Spatial variations of the Sr i 4607 {\AA} scattering polarization peak

TL;DR

This study provides observational evidence of spatial variations in the scattering polarization of the Sr i 4607 Å line at granular scales, revealing correlations with solar granulation patterns.

Contribution

First high-resolution spectropolarimetric observations demonstrating spatial variations of Sr i 4607 Å scattering polarization linked to solar granulation.

Findings

Polarization variations are comparable to granular size.

Higher polarization at granule centers than intergranular lanes.

Clear spatial correlation between polarization and granulation.

Abstract

Context. The scattering polarization signal observed in the photospheric Sr i 4607 {\AA} line is expected to vary at granular spatial scales. This variation can be due to changes in the magnetic field intensity and orientation (Hanle effect), but also to spatial and temporal variations in the plasma properties.
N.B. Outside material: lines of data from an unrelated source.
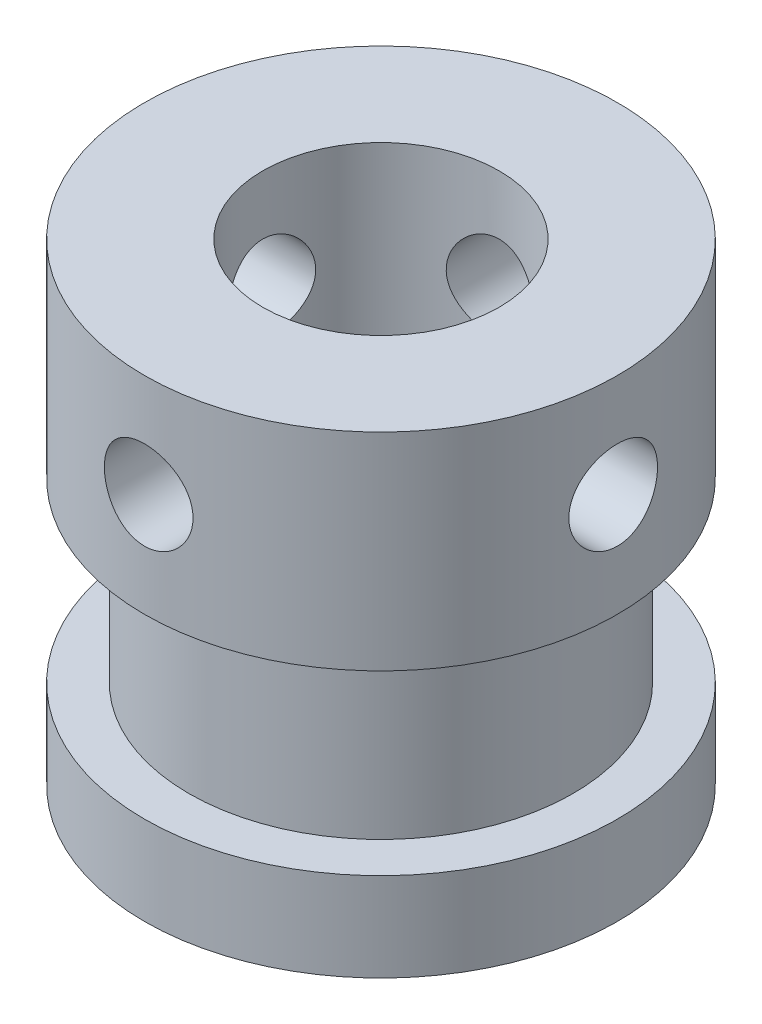
SolidWorks part; units mm, degrees
ref_plane "前视基准面" through (0, 0, 0) normal (0, 0, 1) x (1, 0, 0)
ref_plane "上视基准面" through (0, 0, 0) normal (0, 1, 0) x (1, 0, 0)
ref_plane "右视基准面" through (0, 0, 0) normal (1, 0, 0) x (0, 0, -1)
other "Configuration Table"
sketch "草图1" plane through (0, 0, 0) normal (0, 1, 0) x (1, 0, 0)
  circle A0 centre (0, 0) radius 8
  dimension "D1" = 16
extrude "凸台-拉伸1" add sketch "草图1" along normal blind 16
sketch "草图2" plane through (0, 16, 0) normal (0, 1, 0) x (1, 0, 0)
  circle A0 centre (0, 0) radius 4
  dimension "D1" = 8
extrude "切除-拉伸1" cut sketch "草图2" against normal through all
ref_plane "基准面1" through (0, 3, 0) normal (0, 1, 0) x (1, 0, 0)
sketch "草图3" plane through (0, 3, 0) normal (0, 1, 0) x (1, 0, 0)
  circle A0 centre (0, 0) radius 6.5
  dimension "D1" = 13
extrude "切除-拉伸2" cut sketch "草图3" along normal blind 6 flip side to cut
cosmetic thread "装饰螺纹线1" parameters "D1"=6, "D2"=12
sketch "草图4" plane through (0, 0, 0) normal (1, 0, 0) x (0, 0, -1)
  line L0 (0, 8.8) -> (0, -8.8) construction
  line L1 (4, 16) -> (-4, 16) construction
  circle A0 centre (0, 12.5) radius 1.5
  dimension "D1" = 3
  dimension "D2" = 3.5
extrude "切除-拉伸3" cut sketch "草图4" against normal through all and the other way through all
sketch "草图5" plane through (0, 0, 0) normal (0, 0, 1) x (1, 0, 0)
  line L0 (0, -8.8) -> (0, 8.8) construction
  line L1 (8, 16) -> (-8, 16) construction
  circle A0 centre (0, 12.5) radius 1.5
  dimension "D1" = 3
  dimension "D2" = 3.5
extrude "切除-拉伸4" cut sketch "草图5" against normal through all and the other way through all

Measuring the spatial variation of such polarization signal would allow us to study the properties of the magnetic fields at subgranular scales, but observations are challenging since both high spatial resolution and high spectropolarimetric sensitivity are required. Aims. We aim to provide observational evidence of the polarization peak spatial variations, and to analyze the correlation they might have with granulation. Methods. Observations conjugating high spatial resolution and high spectropolarimetric precision were performed with the Zurich IMaging POLarimeter, ZIMPOL, at the GREGOR solar telescope, taking advantage of the adaptive optics system and the newly installed image derotator. Results. Spatial variations of the scattering polarization in the Sr i 4607 {\AA} line are clearly observed. The spatial scale of these variations is comparable with the granular size. Small correlations between the polarization signal amplitude and the continuum intensity indicate that the polarization is higher at the center of granules than in the intergranular lanes.